Coté management, Allogho Akoue a commencé par geler tous les postes du service comptabilité pour y placer des proches. On note qu’à la Direction du contrôle médical et de la lutte contre la fraude (DCMLF), il a fait engager 7 stagiaires de son carnet d’adresses, certains étant «même père, même mère», comme on dit au quartier ; c’est-à-dire d’une seule et même fratrie. Il faut dire que le stage n’est pas mal payé à la CNAMGS : 120 000 francs CFA par mois. On se gardera, pour le moment, d’évoquer le traitement de toutes les nouvelles compétences embauchées depuis son arrivée (chauffeurs, assistantes, etc.). Si cela lui permet de travailler avec ses gens de confiance, il n’en reste pas moins que la masse salariale s’en trouve alourdie.

Le nouveau DG de la CNAMGS se révèle également comme un grand stratège. Usant du «divide and rule» (diviser pour régner), il a fait créer un nouveau syndicat qu’il pourra contrôler : le Syna-Cnamgs, alors qu’une structure syndicale existait déjà, le Syn-Cnamgs dirigé par Placide Mbeka. La technique est connue. Si elle permet de court-circuiter des grèves, elle n’amène pas à la résolution des problèmes soulevés, bien souvent réels.

Parcours exemplaire et «République des imberbes»

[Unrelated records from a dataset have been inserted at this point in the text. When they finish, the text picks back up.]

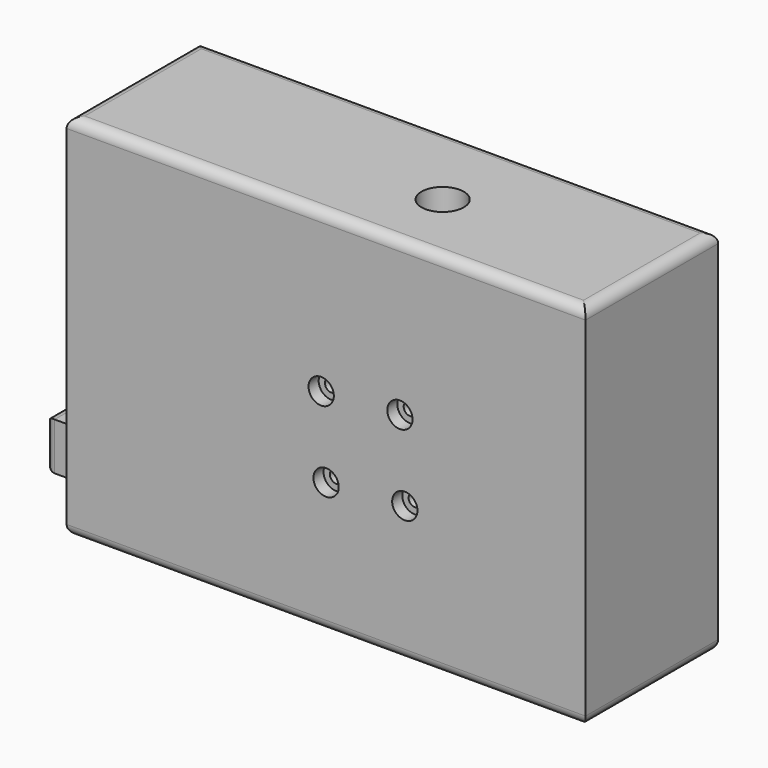
from build123d import *

# Parameters (mm, degrees)
F0_W            = 260.7417907566
F0_H            = 185.2982528508
F1_DEPTH        = 83.312
F2_R            = 5.08
F3_R            = 10.6560791483
F4_DEPTH        = 185.2982528508
F6_DEPTH        = 25.4
F7_R            = 5.08
F9_D            = 6.35
F9_CBORE_D      = 12.7
F9_CBORE_DEPTH  = 6.35
F9_COPIES_COUNT = 4


# Not quite as in the source:
# - a pattern or mirror of a feature is missing from the dataset's text; its kind, count and spacing are read off the source's solid


with BuildPart() as f1:
    # F0 (on Front) → F1 (new body)
    with BuildSketch(Plane.XZ):
        with Locations((-18.5430413112, 5.6122671813)):
            Rectangle(F0_W, F0_H)
    extrude(amount=F1_DEPTH)

    # F2
    f2_edges = [f1.edges().sort_by_distance(p)[0] for p in [
        (-148.913937, -41.656, 98.261394),
        (-18.543041, -83.312, 98.261394),
        (111.827854, -41.656, 98.261394),
        (-18.543041, 0, 98.261394),
    ]]
    fillet(f2_edges, radius=F2_R)

    # F3 (on face) → F4 (cut, through all)
    with BuildSketch(Plane.XY.offset(98.2613936067)):
        with Locations((10.0774681196, -45.8871424198)):
            Circle(F3_R)
    extrude(amount=-F4_DEPTH, mode=Mode.SUBTRACT)

    # F5 (on face) → F6 (join)
    with BuildSketch(Plane(origin=(-148.9139366895, 0, 0), x_dir=(0, -1, 0), z_dir=(-1, 0, 0))):
        with BuildLine():
            ThreePointArc((39.8253589774, -49.4220387191), (36.2562578791, -48.3240875907), (33.9213925534, -45.4099181994))
            ThreePointArc((33.9213925534, -45.4099181994), (16.0837066862, -41.7163656596), (19.777259226, -59.5540515267))
            ThreePointArc((19.777259226, -59.5540515267), (22.6914286173, -61.8889168524), (23.7893797457, -65.4580179507))
            Line((23.7893797457, -65.4580179507), (23.7893797457, -73.2655222528))
            Line((23.7893797457, -73.2655222528), (65.4315222055, -73.2655222528))
            Line((65.4315222055, -73.2655222528), (65.4315222055, -49.4220387191))
            Line((65.4315222055, -49.4220387191), (39.8253589774, -49.4220387191))
        make_face()
    extrude(amount=F6_DEPTH)

    # F7
    f7_edges = [f1.edges().sort_by_distance(p)[0] for p in [
        (-174.313937, -65.431522, -61.34378),
        (-174.313937, -52.628441, -49.422039),
        (-174.313937, -36.256258, -48.324088),
        (-174.313937, -16.083707, -41.716366),
        (-174.313937, -22.691429, -61.888917),
        (-174.313937, -23.78938, -69.36177),
        (-174.313937, -44.610451, -73.265522),
        (-148.913937, -41.656, -87.036859),
        (-18.543041, 0, -87.036859),
        (-18.543041, -83.312, -87.036859),
        (111.827854, -41.656, -87.036859),
        (-0.578611, -45.887142, -87.036859),
    ]]
    fillet(f7_edges, radius=F7_R)

    # F9 (through all)
    with Locations(Plane.XZ.offset(83.312)):
        with Locations((-18.5430413112, -21.0058055818)):
            f9 = CounterBoreHole(F9_D / 2, F9_CBORE_D / 2, F9_CBORE_DEPTH)

    # F9_copies: F9 ×4 about axis
    f9_copies_axis = Axis((0, 0, 0), (0, 1, 0))
    for i in range(1, F9_COPIES_COUNT):
        add(f9.rotate(f9_copies_axis, i * 360 / F9_COPIES_COUNT), mode=Mode.SUBTRACT)


solid = f1.part

Renaud Allogho Akoue n’a pourtant pas mauvais profil. Après un Deug d’Économie et Gestion puis un Master en Management général à Nantes, il a obtenu à Toulouse un Dess en Finance. On le retrouve ensuite dans une banque à Paris, la Neuflize Schlumberger Mallet (NSM). Un beau CV qui lui permet d’entrer chez Pricewaterhousecoopers à Libreville, en 2002. On sait qu’il sera par la suite secrétaire général du Groupe Ogar puis directeur général d’Ogar International.

Comment donc expliquer, après un tel parcours, l’absence de sobriété de ce jeune homme et les prémices de son mode de management de la CNAMGS ? Une seule explication : à 39 ans, ce manager qui affecte le bras de chemise-cravate comme Barack Obama, n’a pas encore assouvi les pulsions du paraitre (bureau design, projet de Toyota VX). Les diplômes, leur présomption de compétence et les parcours professionnels qu’ils induisent, ne suffisent toujours pas. On en vient à penser à «La République des imberbes» (l’Harmattan, 1985) de Mohamed Toihir, ce pays où les jeunes qui n’avaient pas encore assouvi les pulsions du paraitre, des voyages, du Donjuanisme, etc., ont pris le pouvoir, ont passé le temps à assouvir leurs besoins pubères pour finir par naufrager leur pays.

L’ascension météorique dans la haute administration de nombreux promus du dernier trimestre de 2017, avait été fort critiquée. Nombreux de ces «jeunes premiers» auraient gagné à apprendre encore, à se bonifier, à gagner en principes, en idéaux, en valeurs morales intrinsèques et en détachement avant d’arriver à des responsabilités donnant littéralement carte blanche sur des budget colossaux.

«La République des imberbes» fonctionne. Elle conduira le Gabon à l’émergence en 2025… dans 7 ans seulement.